(Recorded data)

*****

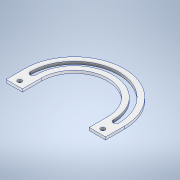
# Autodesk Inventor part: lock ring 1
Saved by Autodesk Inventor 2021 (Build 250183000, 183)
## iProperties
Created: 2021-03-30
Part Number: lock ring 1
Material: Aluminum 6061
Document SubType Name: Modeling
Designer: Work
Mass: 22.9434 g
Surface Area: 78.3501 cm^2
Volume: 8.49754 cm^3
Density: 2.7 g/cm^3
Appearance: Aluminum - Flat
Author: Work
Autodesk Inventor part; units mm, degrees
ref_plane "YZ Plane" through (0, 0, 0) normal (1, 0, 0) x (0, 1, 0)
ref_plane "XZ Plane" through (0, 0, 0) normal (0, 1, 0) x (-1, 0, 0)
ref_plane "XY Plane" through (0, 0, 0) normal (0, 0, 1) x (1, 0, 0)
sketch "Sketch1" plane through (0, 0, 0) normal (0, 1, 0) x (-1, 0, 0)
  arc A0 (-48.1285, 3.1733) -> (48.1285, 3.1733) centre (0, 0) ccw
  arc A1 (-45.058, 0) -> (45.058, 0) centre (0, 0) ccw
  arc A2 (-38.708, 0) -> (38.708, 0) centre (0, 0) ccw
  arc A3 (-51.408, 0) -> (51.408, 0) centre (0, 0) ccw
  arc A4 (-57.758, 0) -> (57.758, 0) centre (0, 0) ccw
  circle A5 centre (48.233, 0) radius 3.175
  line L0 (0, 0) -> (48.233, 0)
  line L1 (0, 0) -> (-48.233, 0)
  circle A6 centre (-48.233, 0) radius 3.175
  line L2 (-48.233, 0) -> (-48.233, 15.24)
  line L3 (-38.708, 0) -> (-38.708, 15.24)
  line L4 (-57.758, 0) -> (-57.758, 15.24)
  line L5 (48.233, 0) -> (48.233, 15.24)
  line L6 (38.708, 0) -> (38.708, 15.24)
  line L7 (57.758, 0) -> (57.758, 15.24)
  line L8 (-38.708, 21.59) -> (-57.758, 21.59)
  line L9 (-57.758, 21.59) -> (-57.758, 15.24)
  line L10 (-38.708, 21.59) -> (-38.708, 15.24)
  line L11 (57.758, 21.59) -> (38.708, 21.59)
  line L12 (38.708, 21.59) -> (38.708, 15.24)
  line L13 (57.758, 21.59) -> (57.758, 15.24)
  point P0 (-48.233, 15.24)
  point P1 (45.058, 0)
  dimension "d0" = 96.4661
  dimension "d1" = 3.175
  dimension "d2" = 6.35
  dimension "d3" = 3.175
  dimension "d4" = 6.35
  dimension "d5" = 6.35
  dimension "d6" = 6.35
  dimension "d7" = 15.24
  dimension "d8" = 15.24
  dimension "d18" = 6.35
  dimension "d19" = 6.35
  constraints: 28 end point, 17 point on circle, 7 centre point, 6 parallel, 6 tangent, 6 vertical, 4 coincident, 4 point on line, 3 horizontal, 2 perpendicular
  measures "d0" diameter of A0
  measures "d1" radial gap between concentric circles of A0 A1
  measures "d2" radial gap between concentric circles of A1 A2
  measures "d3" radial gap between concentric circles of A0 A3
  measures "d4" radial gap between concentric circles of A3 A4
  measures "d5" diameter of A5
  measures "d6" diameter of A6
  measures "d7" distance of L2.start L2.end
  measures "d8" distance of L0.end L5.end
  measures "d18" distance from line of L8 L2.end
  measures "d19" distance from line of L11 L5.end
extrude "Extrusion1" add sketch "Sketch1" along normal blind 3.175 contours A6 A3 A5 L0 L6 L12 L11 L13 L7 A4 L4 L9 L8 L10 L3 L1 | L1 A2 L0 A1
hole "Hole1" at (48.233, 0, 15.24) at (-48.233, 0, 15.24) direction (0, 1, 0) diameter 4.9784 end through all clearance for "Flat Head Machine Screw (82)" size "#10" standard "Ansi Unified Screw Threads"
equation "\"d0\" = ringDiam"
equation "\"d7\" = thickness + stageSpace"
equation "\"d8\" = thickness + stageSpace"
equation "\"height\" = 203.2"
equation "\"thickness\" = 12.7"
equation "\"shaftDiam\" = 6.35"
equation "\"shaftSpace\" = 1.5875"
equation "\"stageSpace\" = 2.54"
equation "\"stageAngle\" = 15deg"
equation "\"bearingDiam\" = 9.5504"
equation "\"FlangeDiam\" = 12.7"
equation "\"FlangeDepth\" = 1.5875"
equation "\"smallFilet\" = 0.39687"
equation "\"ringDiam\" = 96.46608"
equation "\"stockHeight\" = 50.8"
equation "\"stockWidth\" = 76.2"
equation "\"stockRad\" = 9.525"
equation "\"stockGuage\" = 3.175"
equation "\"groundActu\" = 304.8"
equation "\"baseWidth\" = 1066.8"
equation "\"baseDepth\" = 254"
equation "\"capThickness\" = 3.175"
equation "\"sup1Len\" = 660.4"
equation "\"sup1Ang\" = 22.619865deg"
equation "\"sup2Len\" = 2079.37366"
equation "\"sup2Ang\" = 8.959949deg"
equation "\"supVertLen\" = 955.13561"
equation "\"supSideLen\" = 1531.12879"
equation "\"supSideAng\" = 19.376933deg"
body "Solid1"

*****

What the task asks: A verbatim copy of the entries, without the pictures, is what this task requires.

Answer to this exercise:
# Autodesk Inventor part: lock ring 1
Saved by Autodesk Inventor 2021 (Build 250183000, 183)
## iProperties
Created: 2021-03-30
Part Number: lock ring 1
Material: Aluminum 6061
Document SubType Name: Modeling
Designer: Work
Mass: 22.9434 g
Surface Area: 78.3501 cm^2
Volume: 8.49754 cm^3
Density: 2.7 g/cm^3
Appearance: Aluminum - Flat
Author: Work
Autodesk Inventor part; units mm, degrees
ref_plane "YZ Plane" through (0, 0, 0) normal (1, 0, 0) x (0, 1, 0)
ref_plane "XZ Plane" through (0, 0, 0) normal (0, 1, 0) x (-1, 0, 0)
ref_plane "XY Plane" through (0, 0, 0) normal (0, 0, 1) x (1, 0, 0)
sketch "Sketch1" plane through (0, 0, 0) normal (0, 1, 0) x (-1, 0, 0)
  arc A0 (-48.1285, 3.1733) -> (48.1285, 3.1733) centre (0, 0) ccw
  arc A1 (-45.058, 0) -> (45.058, 0) centre (0, 0) ccw
  arc A2 (-38.708, 0) -> (38.708, 0) centre (0, 0) ccw
  arc A3 (-51.408, 0) -> (51.408, 0) centre (0, 0) ccw
  arc A4 (-57.758, 0) -> (57.758, 0) centre (0, 0) ccw
  circle A5 centre (48.233, 0) radius 3.175
  line L0 (0, 0) -> (48.233, 0)
  line L1 (0, 0) -> (-48.233, 0)
  circle A6 centre (-48.233, 0) radius 3.175
  line L2 (-48.233, 0) -> (-48.233, 15.24)
  line L3 (-38.708, 0) -> (-38.708, 15.24)
  line L4 (-57.758, 0) -> (-57.758, 15.24)
  line L5 (48.233, 0) -> (48.233, 15.24)
  line L6 (38.708, 0) -> (38.708, 15.24)
  line L7 (57.758, 0) -> (57.758, 15.24)
  line L8 (-38.708, 21.59) -> (-57.758, 21.59)
  line L9 (-57.758, 21.59) -> (-57.758, 15.24)
  line L10 (-38.708, 21.59) -> (-38.708, 15.24)
  line L11 (57.758, 21.59) -> (38.708, 21.59)
  line L12 (38.708, 21.59) -> (38.708, 15.24)
  line L13 (57.758, 21.59) -> (57.758, 15.24)
  point P0 (-48.233, 15.24)
  point P1 (45.058, 0)
  dimension "d0" = 96.4661
  dimension "d1" = 3.175
  dimension "d2" = 6.35
  dimension "d3" = 3.175
  dimension "d4" = 6.35
  dimension "d5" = 6.35
  dimension "d6" = 6.35
  dimension "d7" = 15.24
  dimension "d8" = 15.24
  dimension "d18" = 6.35
  dimension "d19" = 6.35
  constraints: 28 end point, 17 point on circle, 7 centre point, 6 parallel, 6 tangent, 6 vertical, 4 coincident, 4 point on line, 3 horizontal, 2 perpendicular
  measures "d0" diameter of A0
  measures "d1" radial gap between concentric circles of A0 A1
  measures "d2" radial gap between concentric circles of A1 A2
  measures "d3" radial gap between concentric circles of A0 A3
  measures "d4" radial gap between concentric circles of A3 A4
  measures "d5" diameter of A5
  measures "d6" diameter of A6
  measures "d7" distance of L2.start L2.end
  measures "d8" distance of L0.end L5.end
  measures "d18" distance from line of L8 L2.end
  measures "d19" distance from line of L11 L5.end
extrude "Extrusion1" add sketch "Sketch1" along normal blind 3.175 contours A6 A3 A5 L0 L6 L12 L11 L13 L7 A4 L4 L9 L8 L10 L3 L1 | L1 A2 L0 A1
hole "Hole1" at (48.233, 0, 15.24) at (-48.233, 0, 15.24) direction (0, 1, 0) diameter 4.9784 end through all clearance for "Flat Head Machine Screw (82)" size "#10" standard "Ansi Unified Screw Threads"
equation "\"d0\" = ringDiam"
equation "\"d7\" = thickness + stageSpace"
equation "\"d8\" = thickness + stageSpace"
equation "\"height\" = 203.2"
equation "\"thickness\" = 12.7"
equation "\"shaftDiam\" = 6.35"
equation "\"shaftSpace\" = 1.5875"
equation "\"stageSpace\" = 2.54"
equation "\"stageAngle\" = 15deg"
equation "\"bearingDiam\" = 9.5504"
equation "\"FlangeDiam\" = 12.7"
equation "\"FlangeDepth\" = 1.5875"
equation "\"smallFilet\" = 0.39687"
equation "\"ringDiam\" = 96.46608"
equation "\"stockHeight\" = 50.8"
equation "\"stockWidth\" = 76.2"
equation "\"stockRad\" = 9.525"
equation "\"stockGuage\" = 3.175"
equation "\"groundActu\" = 304.8"
equation "\"baseWidth\" = 1066.8"
equation "\"baseDepth\" = 254"
equation "\"capThickness\" = 3.175"
equation "\"sup1Len\" = 660.4"
equation "\"sup1Ang\" = 22.619865deg"
equation "\"sup2Len\" = 2079.37366"
equation "\"sup2Ang\" = 8.959949deg"
equation "\"supVertLen\" = 955.13561"
equation "\"supSideLen\" = 1531.12879"
equation "\"supSideAng\" = 19.376933deg"
body "Solid1"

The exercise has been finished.